(Bloomberg) -- Airline, hotel and cruise stocks have jumped since late May as consumers rush to travel, but the outlook for later this year is murky and higher interest rates may take their toll on the shares.
The S&P Supercomposite Airlines Index and the S&P Composite 1500 Hotels, Resorts & Cruise Lines Index are both near highs last touched in mid-2022, rising steadily in recent weeks. SkyWest Inc., Hawaiian Holdings Inc., Delta Air Lines Inc., Carnival Corp., Norwegian Cruise Line Holdings Ltd. and Royal Caribbean Cruises Ltd. have led the advances in both groups, with Carnival set to end this week at the top of the S&P 500.
The summer months in the US and Europe often spur a flurry of flying and driving, and there are signs that this season will be good for travel companies. The airline industry’s main trade group this month doubled its forecast for global net profit in 2023 to $9.8 billion, thanks in part to a surge in flying in North America and Europe. Cruise line operators are seeing a jump in demand.
But once summer vacation season fizzles out, it’s harder to forecast how much consumers will be willing to spend. Pent-up demand for vacationing after the pandemic seems to have mostly petered out, and it’s not clear how much business travel will pick up from here, said Bloomberg Intelligence’s senior analyst George Ferguson.

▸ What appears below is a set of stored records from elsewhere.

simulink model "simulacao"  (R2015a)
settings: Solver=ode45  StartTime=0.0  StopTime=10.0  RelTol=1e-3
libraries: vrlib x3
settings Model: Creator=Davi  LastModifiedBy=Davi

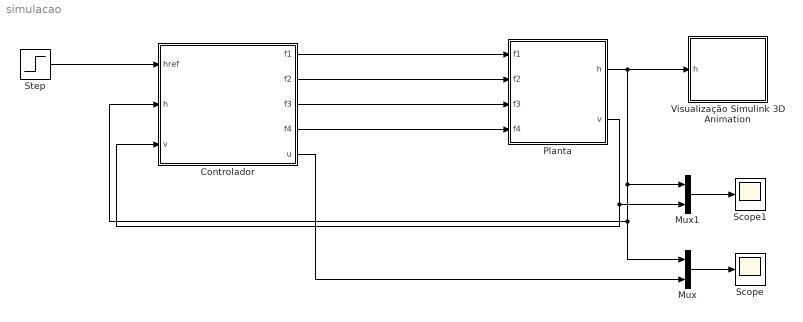
== system simulacao ==
  Controlador : Subsystem  mask{Kp=5, Kd=2, m=1, g=9.81}
  Mux : Mux  Inputs=2
  Mux1 : Mux  Inputs=2
  Planta : Subsystem  mask{m=1, g=9.81}
      mask prompts: m "massa"; g "gravidade"
  Scope : Scope
      settings: SaveName=IO  SampleInput=on  SampleTime=0.1
  Scope1 : Scope
      settings: SaveName=Estado  SampleInput=on  SampleTime=0.1
  Step : Step  SampleTime=0
  Visualização Simulink 3D Animation : Subsystem
  wires:
  Controlador/1(f1) -> Planta/1(f1)
  Controlador/2(f2) -> Planta/2(f2)
  Controlador/3(f3) -> Planta/3(f3)
  Controlador/4(f4) -> Planta/4(f4)
  Controlador/5(u) -> Mux/2
  Mux/1 -> Scope/1
  Step/1 -> Controlador/1(href)
  Planta/1(h) -> Mux1/1, Controlador/2(h), Mux/1, Visualização Simulink 3D Animation/1(h)
  Planta/2("v ") -> Mux1/2, Controlador/3(v)
  Mux1/1 -> Scope1/1

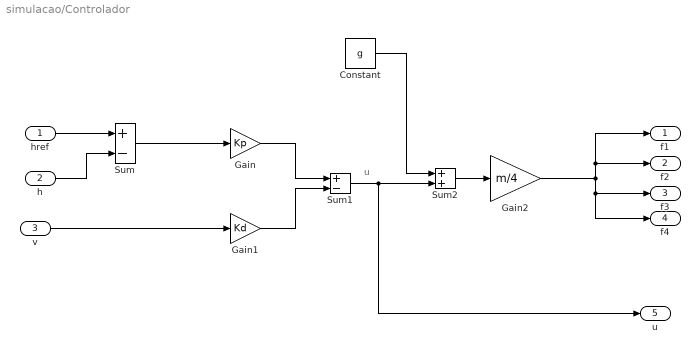
== system simulacao/Controlador ==
  note: u
  href : Inport
  h : Inport  Port=2
  v : Inport  Port=3
  Constant : Constant  Value=g
  Gain : Gain  Gain=Kp
  Gain1 : Gain  Gain=Kd
  Gain2 : Gain  Gain=m/4
  Sum : Sum  Inputs=+-
  Sum1 : Sum  Inputs=+-
  Sum2 : Sum
  f1 : Outport
  f2 : Outport  Port=2
  f3 : Outport  Port=3
  f4 : Outport  Port=4
  u : Outport  Port=5
  wires:
  h/1 -> Sum/2
  Gain/1 -> Sum1/1
  Sum/1 -> Gain/1
  href/1 -> Sum/1
  v/1 -> Gain1/1
  Gain1/1 -> Sum1/2
  Sum1/1 -> u/1, Sum2/2
  Constant/1 -> Sum2/1
  Sum2/1 -> Gain2/1
  Gain2/1 -> f3/1, f4/1, f2/1, f1/1

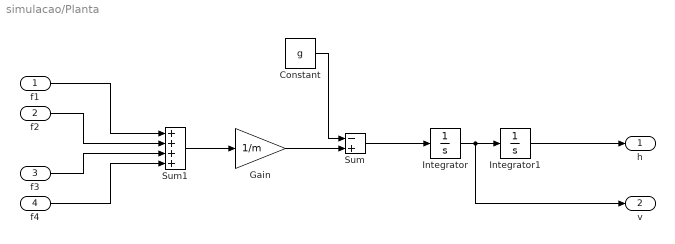
== system simulacao/Planta ==
  f1 : Inport
  f2 : Inport  Port=2
  f3 : Inport  Port=3
  f4 : Inport  Port=4
  Constant : Constant  Value=g
  Gain : Gain  Gain=1/m
  Integrator : Integrator
  Integrator1 : Integrator
  Sum : Sum  Inputs=-+
  Sum1 : Sum  Inputs=++++
  h : Outport
  "v " : Outport  Port=2
  wires:
  f3/1 -> Sum1/3
  Gain/1 -> Sum/2
  Integrator/1 -> "v "/1, Integrator1/1
  Constant/1 -> Sum/1
  Integrator1/1 -> h/1
  f2/1 -> Sum1/2
  Sum/1 -> Integrator/1
  Sum1/1 -> Gain/1
  f4/1 -> Sum1/4
  f1/1 -> Sum1/1

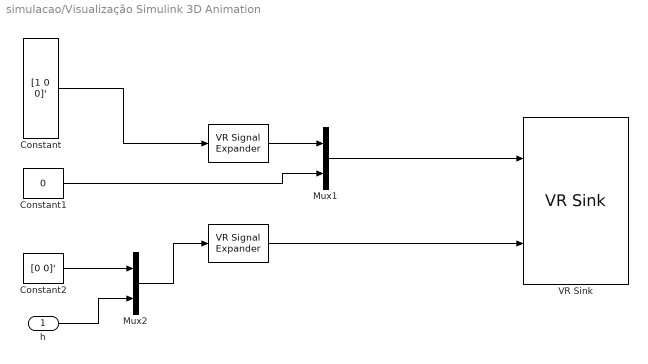
== system simulacao/Visualização Simulink 3D Animation ==
  h : Inport
  "    " : vrlib/VR Signal Expander  outwidth=3  outidx=[3 1 2]
  "      " : vrlib/VR Signal Expander  outwidth=3  outidx=[3 1 2]
  Constant : Constant  Value=[1 0 0]'
  Constant1 : Constant  Value=0
  Constant2 : Constant  Value=[0 0]'
  Mux1 : Mux  Inputs=2
  Mux2 : Mux  Inputs=2
  VR Sink : vrlib/VR Sink  InstantiateOnLoad=on  SampleTime=-1  ViewEnable=on  RemoteChange=off  RemoteView=off  FieldsWritten=Quadrotor.rotation.4.1.1.double#Quadrotor.translation.3.1.1.double  WorldFileName=Quadricopter.WRL  AutoView=on  VideoDimensions=[]  AllowVariableSize=off  FigureProperties="{'Position', 'Name', 'Viewpoint', 'CameraBound', 'CameraDirection', 'CameraPosition', 'CameraUpVector', 'ZoomFactor', 'Antialiasing', 'Headlight', 'Lighting', 'NavPanel', 'Sound', 'StatusBar', 'Stereo3D', 'Stereo3DCameraOffset', 'Stereo3DHIT', 'ToolBar', 'Textures', 'Transparency', 'Triad', 'Wireframe', 'NavZones', 'NavMode', 'NavSpeed', 'CaptureFileFormat', 'CaptureFileName', 'Record2DCompressMethod', 'Record2DCompressQuality', 'Record2D', 'Record2DFileName', 'Record2DFPS'; [5.0000000000000000e+00   9.2000000000000000e+01   5.7600000000000000e+02   3.8000000000000000e+02], '', 'Top', 'on', [0.0000000000000000e+00   0.0000000000000000e+00  -1.0000000000000000e+00], [0.0000000000000000e+00   0.0000000000000000e+00   0.0000000000000000e+00], [0.0000000000000000e+00   1.0000000000000000e+00   0.0000000000000000e+00], [1.0000000000000000e+00], 'on', 'on', 'on', 'halfbar', 'on', 'on', 'off', [1.0000000149011612e-01], [0.0000000000000000e+00], 'on', 'on', 'on', 'none', 'off', 'off', 'fly', 'normal', 'tif', '%f_anim_%n.tif', 'auto', [7.5000000000000000e+01], 'off', '%f_anim_%n.avi', 'auto'}"
  wires:
  "      "/1 -> VR Sink/2
  Mux1/1 -> VR Sink/1
  "    "/1 -> Mux1/1
  Constant1/1 -> Mux1/2
  Constant/1 -> "    "/1
  Constant2/1 -> Mux2/1
  h/1 -> Mux2/2
  Mux2/1 -> "      "/1
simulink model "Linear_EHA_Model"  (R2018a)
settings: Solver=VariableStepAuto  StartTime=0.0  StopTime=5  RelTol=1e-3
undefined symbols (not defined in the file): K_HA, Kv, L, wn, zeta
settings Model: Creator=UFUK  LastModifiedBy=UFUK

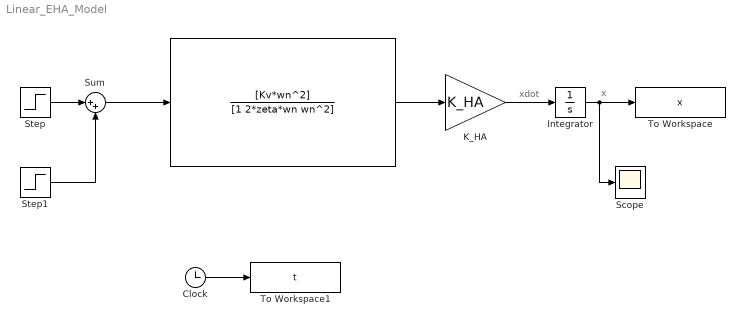
== system Linear_EHA_Model ==
  note: xdot
  note: x
  " " : TransferFcn  Numerator=[Kv*wn^2]  Denominator=[1 2*zeta*wn wn^2]
  " K_HA" : Gain  Gain=K_HA
  Clock : Clock
  Integrator : Integrator  InitialCondition=L/2
  Scope : Scope
  Step : Step  Time=0.5  After=10  SampleTime=0
  Step1 : Step  After=-10  SampleTime=0
  Sum : Sum  Inputs=|++
  To Workspace : ToWorkspace  VariableName=x  SaveFormat=Timeseries  SampleTime=-1
  To Workspace1 : ToWorkspace  VariableName=t  SaveFormat=Timeseries  SampleTime=-1
  wires:
  Step/1 -> Sum/1
  " K_HA"/1 -> Integrator/1
  " "/1 -> " K_HA"/1
  Sum/1 -> " "/1
  Step1/1 -> Sum/2
  Clock/1 -> To Workspace1/1
  Integrator/1 -> Scope/1, To Workspace/1

“Airline stocks have run pretty hard and they are among top performers in the S&P,” Ferguson said. However, he questions the the bullish assumption behind the rally that “the consumer is ready to meaningfully spend more on air travel and consume the same amount as previously” amid still-high interest rates and the possibility of a recession.
The two gauges of airlines and of hotel and cruise stocks are set to record their third straight weeks of gains, with Delta just coming off a 15-day win streak, its longest ever. A budding optimism about the US economy and a wider market rally have contributed to the strength in the group. At the same time, the price of oil has dipped sharply lower in the past three months, easing some of the cost pressures on airlines and cruise companies.
The US Global Jets ETF — which tracks the airline industry’s shares — is also on a stellar run, rising for 9 straight days, the biggest winning streak for the fund since Jan. 17.
Yet, a peek into the fund’s inflows suggests investors still have concerns about the stocks. Investors have taken assets out of the ETF for the past four quarters, with the three-month period ending in June also set to see outflows.
If anything, the rapid gains in airlines are fueling some short bets against the group, shrugging off the projections for record-high travel this summer. According to data from S&P Global Market Intelligence, short interest in passenger airlines was at 5.37% at the end of May, up 67 basis points from the end of January and the highest level of short interest in the industry in nearly a year.
Meanwhile, the pressure that airlines face could hit other travel-related companies, including hotels and cruise companies, as well as financial firms such as American Express Co. Earlier this week, Citi analyst Arren Cyganovich warned that the company was exposed to slowing spending trends. The credit-card company’s customers typically have high spending in travel and entertainment, making it a good barometer for the travel trends broadly.
All together, while travel stocks, especially airlines, are enjoying a nice run amid a broader market euphoria, a longer-lasting recovery in this group is expected to remain difficult.
“I don’t think airlines face clear skies at all,” BI’s Ferguson said. “The big question remains — is the consumer ready to spend more and consume the same or more? Or is this a bounce-back that will fade?”
--With assistance from Janet Freund.